Al pasar junto a ellos podía sentirse el olor que desprendía el cuero, los
materiales, pegamentos y otros productos necesarios para la elaboración,
completamente artesanal, de los objetos que allí se confeccionaban, todos
relacionados con los aparejos usados por las caballerías, casi exclusivamente
burros y mulas, en las faenas agrícolas u otras normalmente derivadas de ellas.
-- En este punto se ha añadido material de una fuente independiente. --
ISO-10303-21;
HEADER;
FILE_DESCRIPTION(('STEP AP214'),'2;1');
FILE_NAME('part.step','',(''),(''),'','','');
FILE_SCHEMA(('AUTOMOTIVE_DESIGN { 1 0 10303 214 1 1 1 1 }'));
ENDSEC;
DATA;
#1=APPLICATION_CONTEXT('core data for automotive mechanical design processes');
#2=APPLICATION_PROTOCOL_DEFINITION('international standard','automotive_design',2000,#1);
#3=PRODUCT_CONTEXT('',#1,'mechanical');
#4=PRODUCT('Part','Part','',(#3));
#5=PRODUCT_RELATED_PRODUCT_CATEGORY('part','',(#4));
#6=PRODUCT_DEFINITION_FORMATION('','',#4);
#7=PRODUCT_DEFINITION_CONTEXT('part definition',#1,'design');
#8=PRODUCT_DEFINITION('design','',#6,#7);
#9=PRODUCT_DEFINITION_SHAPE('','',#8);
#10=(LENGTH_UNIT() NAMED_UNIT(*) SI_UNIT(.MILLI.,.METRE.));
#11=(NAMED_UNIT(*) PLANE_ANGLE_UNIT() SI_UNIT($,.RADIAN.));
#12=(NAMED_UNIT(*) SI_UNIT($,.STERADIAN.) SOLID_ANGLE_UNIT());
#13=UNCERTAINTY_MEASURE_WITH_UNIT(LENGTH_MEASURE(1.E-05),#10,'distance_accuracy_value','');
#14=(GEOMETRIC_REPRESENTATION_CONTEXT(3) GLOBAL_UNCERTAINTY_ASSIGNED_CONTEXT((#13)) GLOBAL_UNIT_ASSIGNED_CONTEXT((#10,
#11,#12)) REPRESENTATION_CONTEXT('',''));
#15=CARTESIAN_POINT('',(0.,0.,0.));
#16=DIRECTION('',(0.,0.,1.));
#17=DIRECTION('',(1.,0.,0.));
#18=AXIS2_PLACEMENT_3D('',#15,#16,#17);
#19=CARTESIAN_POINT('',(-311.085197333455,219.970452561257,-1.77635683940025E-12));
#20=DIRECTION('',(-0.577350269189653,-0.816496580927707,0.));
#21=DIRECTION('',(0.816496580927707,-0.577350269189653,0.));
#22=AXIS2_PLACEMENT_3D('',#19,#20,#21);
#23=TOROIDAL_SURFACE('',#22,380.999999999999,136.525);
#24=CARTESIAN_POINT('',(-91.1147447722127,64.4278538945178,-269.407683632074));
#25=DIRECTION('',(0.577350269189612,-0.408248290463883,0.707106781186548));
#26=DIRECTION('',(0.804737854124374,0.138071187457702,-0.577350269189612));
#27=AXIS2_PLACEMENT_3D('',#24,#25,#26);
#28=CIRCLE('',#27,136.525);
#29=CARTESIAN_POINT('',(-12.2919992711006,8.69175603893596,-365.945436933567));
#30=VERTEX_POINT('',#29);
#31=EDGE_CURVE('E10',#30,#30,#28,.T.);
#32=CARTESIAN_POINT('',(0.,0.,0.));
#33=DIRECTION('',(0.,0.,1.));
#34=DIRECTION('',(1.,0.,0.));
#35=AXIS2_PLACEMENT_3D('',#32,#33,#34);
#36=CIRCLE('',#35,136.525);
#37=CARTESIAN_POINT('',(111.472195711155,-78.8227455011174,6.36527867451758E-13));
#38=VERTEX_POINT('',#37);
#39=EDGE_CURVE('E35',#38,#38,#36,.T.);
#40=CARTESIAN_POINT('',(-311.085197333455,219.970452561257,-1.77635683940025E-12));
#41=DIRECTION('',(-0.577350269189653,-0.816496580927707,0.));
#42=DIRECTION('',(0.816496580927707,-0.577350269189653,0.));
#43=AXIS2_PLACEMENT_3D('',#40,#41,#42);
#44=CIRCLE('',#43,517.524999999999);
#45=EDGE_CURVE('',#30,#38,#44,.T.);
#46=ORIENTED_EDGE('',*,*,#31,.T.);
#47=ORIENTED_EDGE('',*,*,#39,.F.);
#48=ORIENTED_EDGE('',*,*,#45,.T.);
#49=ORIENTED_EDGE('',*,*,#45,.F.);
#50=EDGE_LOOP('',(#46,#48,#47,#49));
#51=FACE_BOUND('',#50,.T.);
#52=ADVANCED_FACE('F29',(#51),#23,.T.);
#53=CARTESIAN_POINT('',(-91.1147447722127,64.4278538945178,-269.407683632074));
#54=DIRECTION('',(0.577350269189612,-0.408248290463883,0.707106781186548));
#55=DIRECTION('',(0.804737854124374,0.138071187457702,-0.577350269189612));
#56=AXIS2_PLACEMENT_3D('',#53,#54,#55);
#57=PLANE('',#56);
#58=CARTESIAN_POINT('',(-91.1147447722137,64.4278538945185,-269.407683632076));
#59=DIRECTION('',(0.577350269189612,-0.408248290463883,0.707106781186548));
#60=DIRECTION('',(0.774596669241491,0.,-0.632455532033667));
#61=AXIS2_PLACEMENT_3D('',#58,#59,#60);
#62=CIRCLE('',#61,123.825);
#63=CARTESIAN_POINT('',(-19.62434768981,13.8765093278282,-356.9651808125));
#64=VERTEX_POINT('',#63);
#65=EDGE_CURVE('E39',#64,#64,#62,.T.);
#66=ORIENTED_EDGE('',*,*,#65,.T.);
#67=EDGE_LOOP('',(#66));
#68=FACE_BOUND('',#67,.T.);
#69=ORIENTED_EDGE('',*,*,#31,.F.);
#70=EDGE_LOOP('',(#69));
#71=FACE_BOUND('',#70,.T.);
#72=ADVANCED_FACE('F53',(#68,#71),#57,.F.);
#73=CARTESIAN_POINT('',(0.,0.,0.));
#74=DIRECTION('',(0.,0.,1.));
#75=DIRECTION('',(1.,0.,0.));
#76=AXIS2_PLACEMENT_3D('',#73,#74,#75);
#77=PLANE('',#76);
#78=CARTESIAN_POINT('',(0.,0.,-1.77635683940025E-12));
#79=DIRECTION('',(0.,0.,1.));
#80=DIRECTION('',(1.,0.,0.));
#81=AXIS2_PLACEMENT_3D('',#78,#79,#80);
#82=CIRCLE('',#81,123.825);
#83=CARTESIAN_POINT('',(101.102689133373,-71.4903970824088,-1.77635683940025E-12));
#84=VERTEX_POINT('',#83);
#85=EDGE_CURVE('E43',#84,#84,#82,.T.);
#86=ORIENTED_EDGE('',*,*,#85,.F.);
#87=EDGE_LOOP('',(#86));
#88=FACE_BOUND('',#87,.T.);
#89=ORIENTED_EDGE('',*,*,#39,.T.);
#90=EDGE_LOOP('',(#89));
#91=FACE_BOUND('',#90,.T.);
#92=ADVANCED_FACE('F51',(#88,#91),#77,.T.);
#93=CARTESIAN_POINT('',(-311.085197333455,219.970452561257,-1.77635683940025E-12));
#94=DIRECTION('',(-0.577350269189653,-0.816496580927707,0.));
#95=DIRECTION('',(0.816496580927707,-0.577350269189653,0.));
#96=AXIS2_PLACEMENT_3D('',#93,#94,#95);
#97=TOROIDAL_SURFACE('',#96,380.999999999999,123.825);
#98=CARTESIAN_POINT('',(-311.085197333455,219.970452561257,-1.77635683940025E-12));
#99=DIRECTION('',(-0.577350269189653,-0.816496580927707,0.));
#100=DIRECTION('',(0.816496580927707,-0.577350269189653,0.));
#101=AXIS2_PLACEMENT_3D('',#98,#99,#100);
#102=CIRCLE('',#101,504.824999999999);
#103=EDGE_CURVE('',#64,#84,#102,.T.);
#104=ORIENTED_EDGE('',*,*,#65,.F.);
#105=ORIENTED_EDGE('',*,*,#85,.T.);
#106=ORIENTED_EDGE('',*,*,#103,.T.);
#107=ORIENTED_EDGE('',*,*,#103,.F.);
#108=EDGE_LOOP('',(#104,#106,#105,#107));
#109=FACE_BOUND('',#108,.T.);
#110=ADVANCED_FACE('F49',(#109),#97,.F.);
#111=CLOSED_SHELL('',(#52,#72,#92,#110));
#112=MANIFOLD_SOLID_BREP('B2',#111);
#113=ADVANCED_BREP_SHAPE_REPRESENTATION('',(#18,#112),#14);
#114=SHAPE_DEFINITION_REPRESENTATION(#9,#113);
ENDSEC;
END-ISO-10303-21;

Si echamos la vista atrás, entenderemos la importancia que debió tener desde el mundo antiguo el talabartero, artesano cuya misión era fabricar y reparar todo lo que tuviera que ver con los aperos para las caballerías
¿Quién que no haya conocido estos talleres
o no haya estado relacionado con las faenas agrícolas que precisaban la
concurrencia de burros o mulas conoce el significado y la función de objetos
como collera, collerón, albarda, ataharre, cabezal, mosquero, anteojeras,
cincha, madroño, mantellina, orejeras, ramaleras, retranca, sobrecincha...?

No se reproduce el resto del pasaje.